ASSIGNMENT =
Show all lines from the data that include the word "reported".

(Beginning of MATERIAL SHOWN)

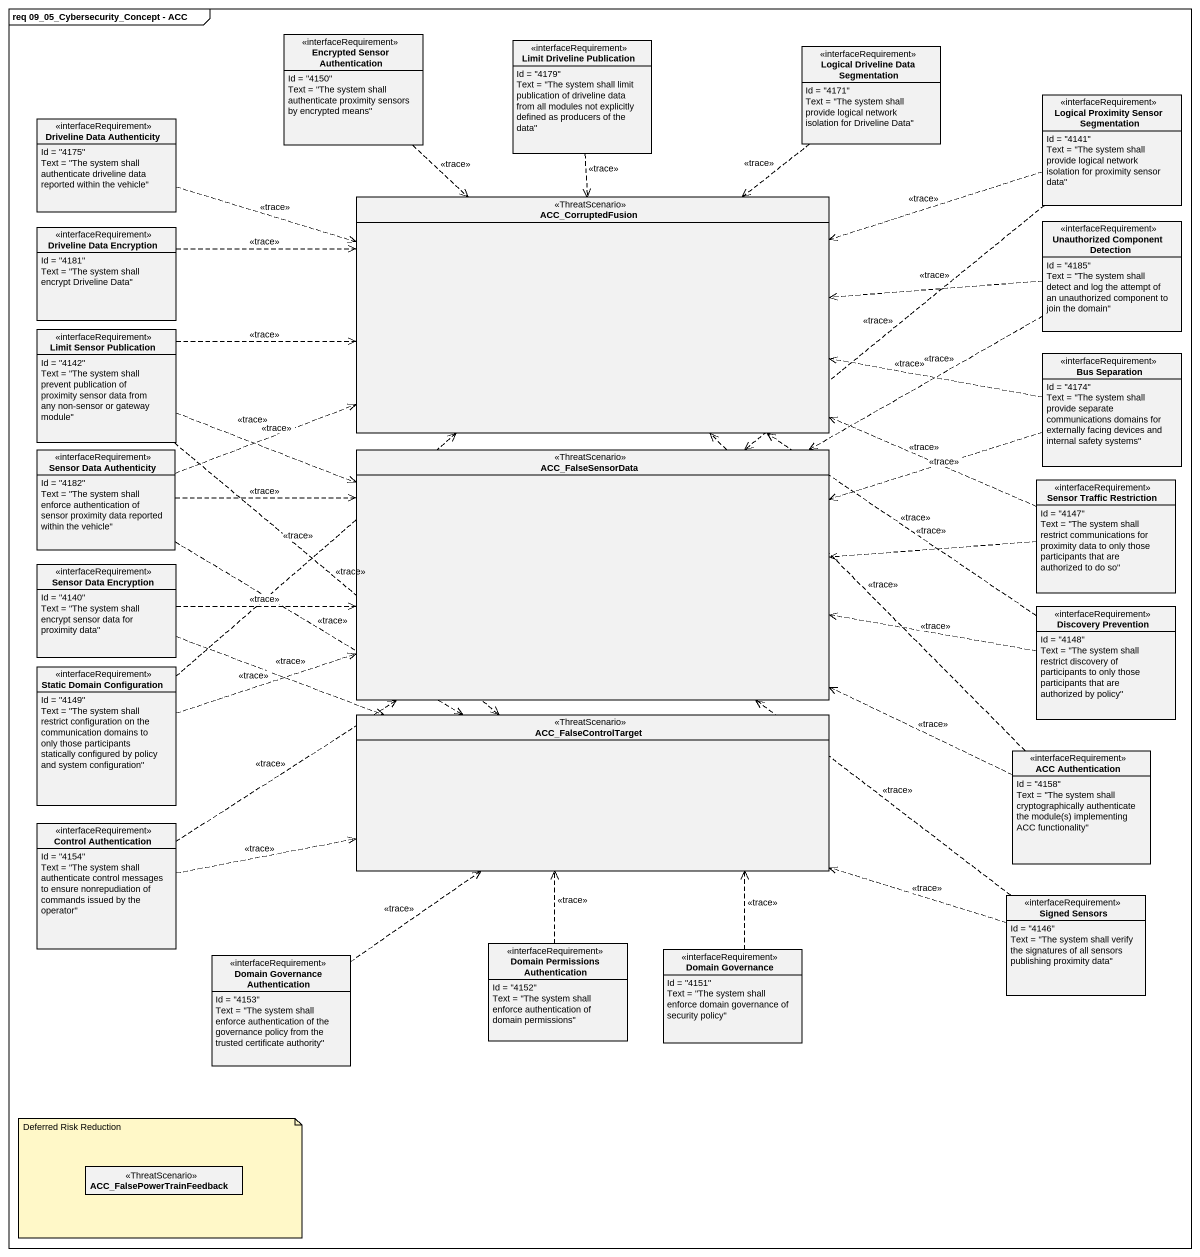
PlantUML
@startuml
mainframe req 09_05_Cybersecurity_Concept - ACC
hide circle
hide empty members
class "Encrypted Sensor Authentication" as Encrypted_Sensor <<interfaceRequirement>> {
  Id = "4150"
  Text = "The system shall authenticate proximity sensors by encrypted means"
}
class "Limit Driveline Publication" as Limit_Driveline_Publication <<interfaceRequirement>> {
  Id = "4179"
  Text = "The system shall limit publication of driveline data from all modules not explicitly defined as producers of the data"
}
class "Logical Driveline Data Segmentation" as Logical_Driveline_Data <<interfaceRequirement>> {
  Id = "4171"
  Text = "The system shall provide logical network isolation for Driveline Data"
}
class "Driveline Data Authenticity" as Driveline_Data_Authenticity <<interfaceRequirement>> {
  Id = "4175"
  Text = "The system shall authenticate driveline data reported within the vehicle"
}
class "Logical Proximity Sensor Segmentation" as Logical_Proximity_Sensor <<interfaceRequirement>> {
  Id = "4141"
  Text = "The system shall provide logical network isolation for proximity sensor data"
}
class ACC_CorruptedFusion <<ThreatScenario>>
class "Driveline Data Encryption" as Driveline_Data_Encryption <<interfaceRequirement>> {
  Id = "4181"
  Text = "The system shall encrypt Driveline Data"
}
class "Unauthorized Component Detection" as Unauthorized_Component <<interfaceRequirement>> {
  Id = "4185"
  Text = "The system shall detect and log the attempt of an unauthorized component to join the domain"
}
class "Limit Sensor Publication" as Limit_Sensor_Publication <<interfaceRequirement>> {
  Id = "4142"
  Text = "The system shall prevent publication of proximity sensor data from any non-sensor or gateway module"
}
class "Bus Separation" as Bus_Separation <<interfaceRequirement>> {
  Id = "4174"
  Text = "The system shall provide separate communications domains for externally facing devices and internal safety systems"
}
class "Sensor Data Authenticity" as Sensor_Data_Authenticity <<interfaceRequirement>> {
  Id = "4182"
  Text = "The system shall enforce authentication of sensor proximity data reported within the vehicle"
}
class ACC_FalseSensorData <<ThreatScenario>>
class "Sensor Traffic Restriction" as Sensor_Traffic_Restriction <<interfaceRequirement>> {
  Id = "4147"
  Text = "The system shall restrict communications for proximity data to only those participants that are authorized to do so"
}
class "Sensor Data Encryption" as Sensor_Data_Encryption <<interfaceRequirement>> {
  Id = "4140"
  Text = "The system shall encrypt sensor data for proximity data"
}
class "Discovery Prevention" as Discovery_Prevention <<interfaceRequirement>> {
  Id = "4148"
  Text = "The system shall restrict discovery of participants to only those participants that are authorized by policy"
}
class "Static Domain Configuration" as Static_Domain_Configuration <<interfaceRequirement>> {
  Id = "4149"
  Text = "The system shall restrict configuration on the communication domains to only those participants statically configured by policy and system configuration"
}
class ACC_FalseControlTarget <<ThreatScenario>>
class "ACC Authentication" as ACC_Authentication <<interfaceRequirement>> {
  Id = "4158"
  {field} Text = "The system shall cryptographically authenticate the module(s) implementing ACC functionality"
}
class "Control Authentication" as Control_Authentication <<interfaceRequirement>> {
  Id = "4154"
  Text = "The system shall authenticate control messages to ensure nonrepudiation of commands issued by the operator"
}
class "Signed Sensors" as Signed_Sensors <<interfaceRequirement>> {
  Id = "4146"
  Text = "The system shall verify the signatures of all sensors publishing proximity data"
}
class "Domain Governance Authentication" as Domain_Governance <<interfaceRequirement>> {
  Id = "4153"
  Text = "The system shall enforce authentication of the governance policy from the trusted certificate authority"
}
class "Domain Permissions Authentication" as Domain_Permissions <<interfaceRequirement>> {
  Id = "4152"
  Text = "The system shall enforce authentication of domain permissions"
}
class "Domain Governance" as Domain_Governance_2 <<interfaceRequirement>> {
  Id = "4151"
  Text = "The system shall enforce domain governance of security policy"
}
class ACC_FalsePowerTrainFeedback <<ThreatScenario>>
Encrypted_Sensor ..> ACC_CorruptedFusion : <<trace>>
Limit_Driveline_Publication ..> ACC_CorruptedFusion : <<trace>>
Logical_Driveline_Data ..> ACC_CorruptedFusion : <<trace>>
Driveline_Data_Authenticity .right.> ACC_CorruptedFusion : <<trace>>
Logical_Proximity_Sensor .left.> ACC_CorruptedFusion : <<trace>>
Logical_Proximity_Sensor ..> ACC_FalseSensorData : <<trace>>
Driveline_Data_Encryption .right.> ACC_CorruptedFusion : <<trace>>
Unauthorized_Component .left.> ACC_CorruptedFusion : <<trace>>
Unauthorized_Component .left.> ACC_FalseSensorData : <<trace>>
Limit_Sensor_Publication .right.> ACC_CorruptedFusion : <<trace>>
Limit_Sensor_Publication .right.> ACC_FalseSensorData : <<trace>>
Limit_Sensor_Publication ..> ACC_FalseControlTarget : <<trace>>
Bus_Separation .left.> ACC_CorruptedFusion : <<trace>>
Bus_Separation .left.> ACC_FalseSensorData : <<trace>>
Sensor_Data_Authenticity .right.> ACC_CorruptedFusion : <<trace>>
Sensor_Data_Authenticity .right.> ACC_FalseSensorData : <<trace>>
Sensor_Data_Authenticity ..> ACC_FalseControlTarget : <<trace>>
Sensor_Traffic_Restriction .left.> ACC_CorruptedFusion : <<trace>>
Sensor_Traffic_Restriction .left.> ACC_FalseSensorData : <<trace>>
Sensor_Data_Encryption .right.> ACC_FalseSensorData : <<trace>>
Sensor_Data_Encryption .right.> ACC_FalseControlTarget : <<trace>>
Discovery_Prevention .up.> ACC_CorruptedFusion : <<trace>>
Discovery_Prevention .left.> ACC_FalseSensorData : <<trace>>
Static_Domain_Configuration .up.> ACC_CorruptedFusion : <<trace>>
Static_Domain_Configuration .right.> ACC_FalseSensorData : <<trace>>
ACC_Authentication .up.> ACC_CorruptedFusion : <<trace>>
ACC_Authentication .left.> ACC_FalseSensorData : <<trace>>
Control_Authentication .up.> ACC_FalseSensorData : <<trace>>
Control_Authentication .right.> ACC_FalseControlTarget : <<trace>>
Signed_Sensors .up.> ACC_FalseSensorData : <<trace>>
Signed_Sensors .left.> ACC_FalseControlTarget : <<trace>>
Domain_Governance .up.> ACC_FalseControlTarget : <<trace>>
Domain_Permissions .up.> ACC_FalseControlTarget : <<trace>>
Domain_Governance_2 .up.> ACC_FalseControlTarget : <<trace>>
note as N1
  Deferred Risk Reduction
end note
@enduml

(End of MATERIAL SHOWN)

REPLY TO THE TASK =
  Text = "The system shall authenticate driveline data reported within the vehicle"
  Text = "The system shall enforce authentication of sensor proximity data reported within the vehicle"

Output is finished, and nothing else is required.